# SUPPLIED MATERIAL:
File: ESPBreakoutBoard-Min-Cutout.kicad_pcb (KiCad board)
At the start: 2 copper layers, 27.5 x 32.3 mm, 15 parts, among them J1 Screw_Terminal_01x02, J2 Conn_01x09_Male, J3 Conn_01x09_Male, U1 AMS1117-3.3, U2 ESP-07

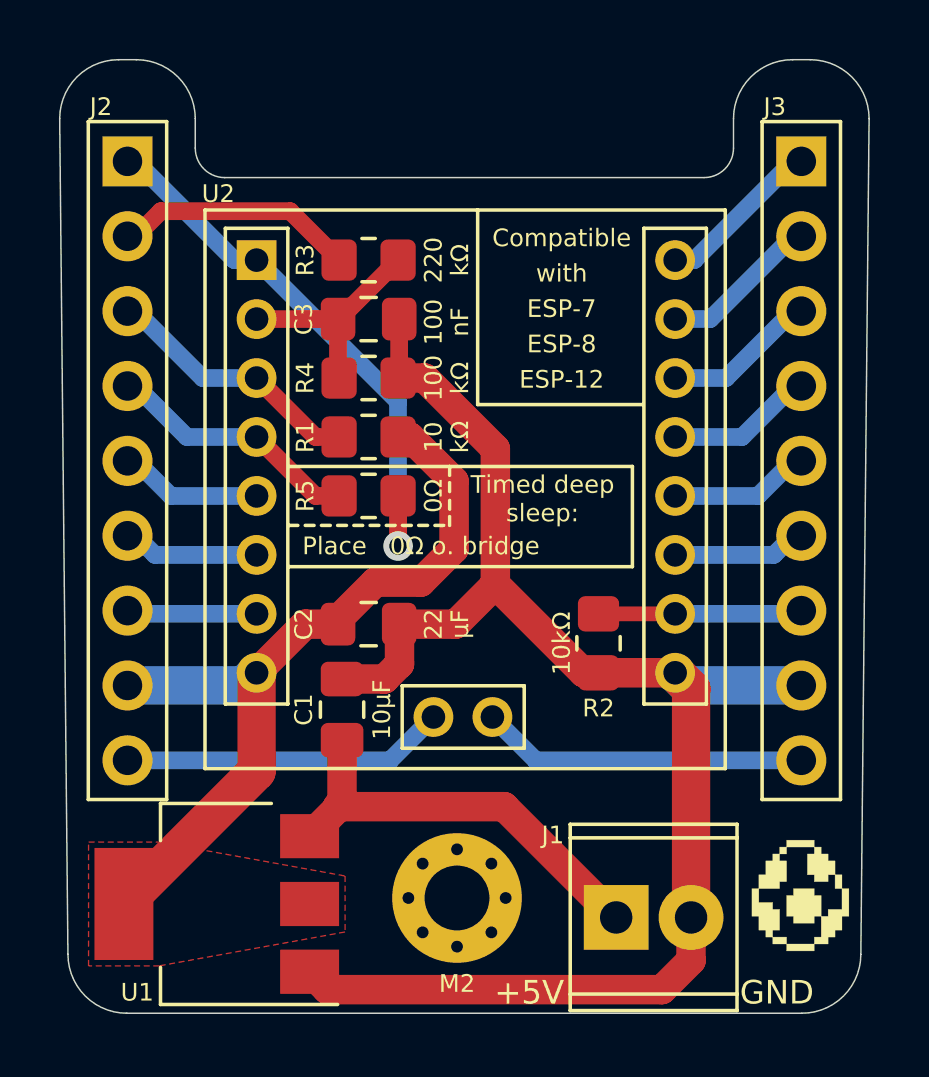
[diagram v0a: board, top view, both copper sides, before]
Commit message: v4r3: Added gerbers, fixed odd edge cuts
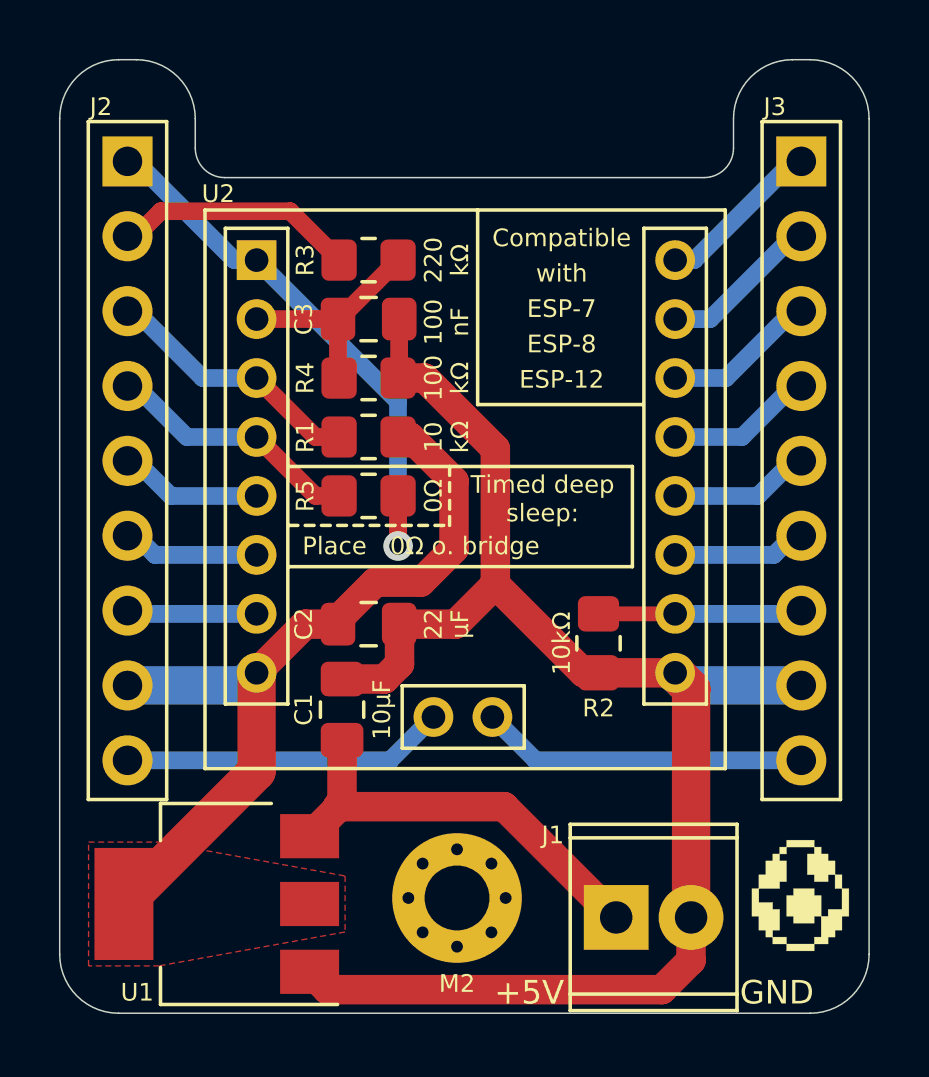
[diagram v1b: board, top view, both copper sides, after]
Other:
- outline, holes or cut-outs redrawn
- board text added: "v4r3"
- board text removed: "v4r2"
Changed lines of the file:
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@@
       (plotinvisibletext false)
       (sketchpadsonfab false)
-      (subtractmaskfromsilk true)
+      (subtractmaskfromsilk false)
       (outputformat 1)
       (mirror false)
       (drillshape 0)
       (scaleselection 1)
-      (outputdirectory "Gerbers-JLCPCB/")
+      (outputdirectory "Gerbers-PCBWay")
     )
   )
@@
   (gr_line (start 150.5 75.7) (end 156.1 75.7) (layer "F.SilkS") (width 0.12))
   (gr_line (start 155.75 81.2) (end 144.1 81.2) (layer "F.SilkS") (width 0.12))
-  (gr_line (start 136.6 94.35) (end 136.32 66) (layer "Edge.Cuts") (width 0.05))
+  (gr_line (start 136.32 94.35) (end 136.32 66) (layer "Edge.Cuts") (width 0.05))
   (gr_arc (start 138.92 64) (mid 140.334214 64.585786) (end 140.92 66) (layer "Edge.Cuts") (width 0.05))
   (gr_arc (start 159.18 66) (mid 159.765786 64.585786) (end 161.18 64) (layer "Edge.Cuts") (width 0.05))
@@
   (gr_line (start 141.92 68) (end 158.18 68) (layer "Edge.Cuts") (width 0.05))
   (gr_line (start 140.92 66) (end 140.92 67) (layer "Edge.Cuts") (width 0.05))
-  (gr_arc (start 163.5 94.35) (mid 162.914214 95.764214) (end 161.5 96.35) (layer "Edge.Cuts") (width 0.05))
+  (gr_arc (start 163.78 94.35) (mid 163.194214 95.764214) (end 161.78 96.35) (layer "Edge.Cuts") (width 0.05))
   (gr_arc (start 161.78 64) (mid 163.194214 64.585786) (end 163.78 66) (layer "Edge.Cuts") (width 0.05))
   (gr_arc (start 141.92 68) (mid 141.212893 67.707107) (end 140.92 67) (layer "Edge.Cuts") (width 0.05))
   (gr_line (start 159.18 66) (end 159.18 67) (layer "Edge.Cuts") (width 0.05))
-  (gr_arc (start 138.6 96.35) (mid 137.185786 95.764214) (end 136.6 94.35) (layer "Edge.Cuts") (width 0.05))
+  (gr_arc (start 138.32 96.35) (mid 136.905786 95.764214) (end 136.32 94.35) (layer "Edge.Cuts") (width 0.05))
   (gr_line (start 138.32 64) (end 138.92 64) (layer "Edge.Cuts") (width 0.05))
   (gr_arc (start 159.18 67) (mid 158.887107 67.707107) (end 158.18 68) (layer "Edge.Cuts") (width 0.05))
-  (gr_line (start 161.5 96.35) (end 138.6 96.35) (layer "Edge.Cuts") (width 0.05))
+  (gr_line (start 161.78 96.35) (end 138.32 96.35) (layer "Edge.Cuts") (width 0.05))
   (gr_arc (start 136.32 66) (mid 136.905786 64.585786) (end 138.32 64) (layer "Edge.Cuts") (width 0.05))
-  (gr_line (start 163.78 66) (end 163.5 94.35) (layer "Edge.Cuts") (width 0.05))
+  (gr_line (start 163.78 66) (end 163.78 94.35) (layer "Edge.Cuts") (width 0.05))
   (gr_text "JLCJLCJLCJLC" (at 142.9 95.3) (layer "B.SilkS")
     (effects (font (size 1 1) (thickness 0.15)) (justify mirror))
@@
     (effects (font (size 0.6 0.6) (thickness 0.1)) (justify mirror))
   )
-  (gr_text "v4r2" (at 145.25 81.9) (layer "B.SilkS")
+  (gr_text "v4r3" (at 145.25 81.9) (layer "B.SilkS")
     (effects (font (size 0.7 0.7) (thickness 0.13)) (justify mirror))
   )

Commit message: Added iBOM
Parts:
- renumbered G*** to G1
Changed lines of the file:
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@@
     (at 161.45 92.35)
     (attr through_hole)
-    (fp_text reference "G***" (at 0 0) (layer "F.SilkS") hide
+    (fp_text reference "G1" (at 0 0) (layer "F.SilkS") hide
       (effects (font (size 1.524 1.524) (thickness 0.3)))
     )

# WHAT NEEDS TO BE DONE:
Find how many lines in the records contain the string "hide", then give the number alone.

# RESPONSE:
2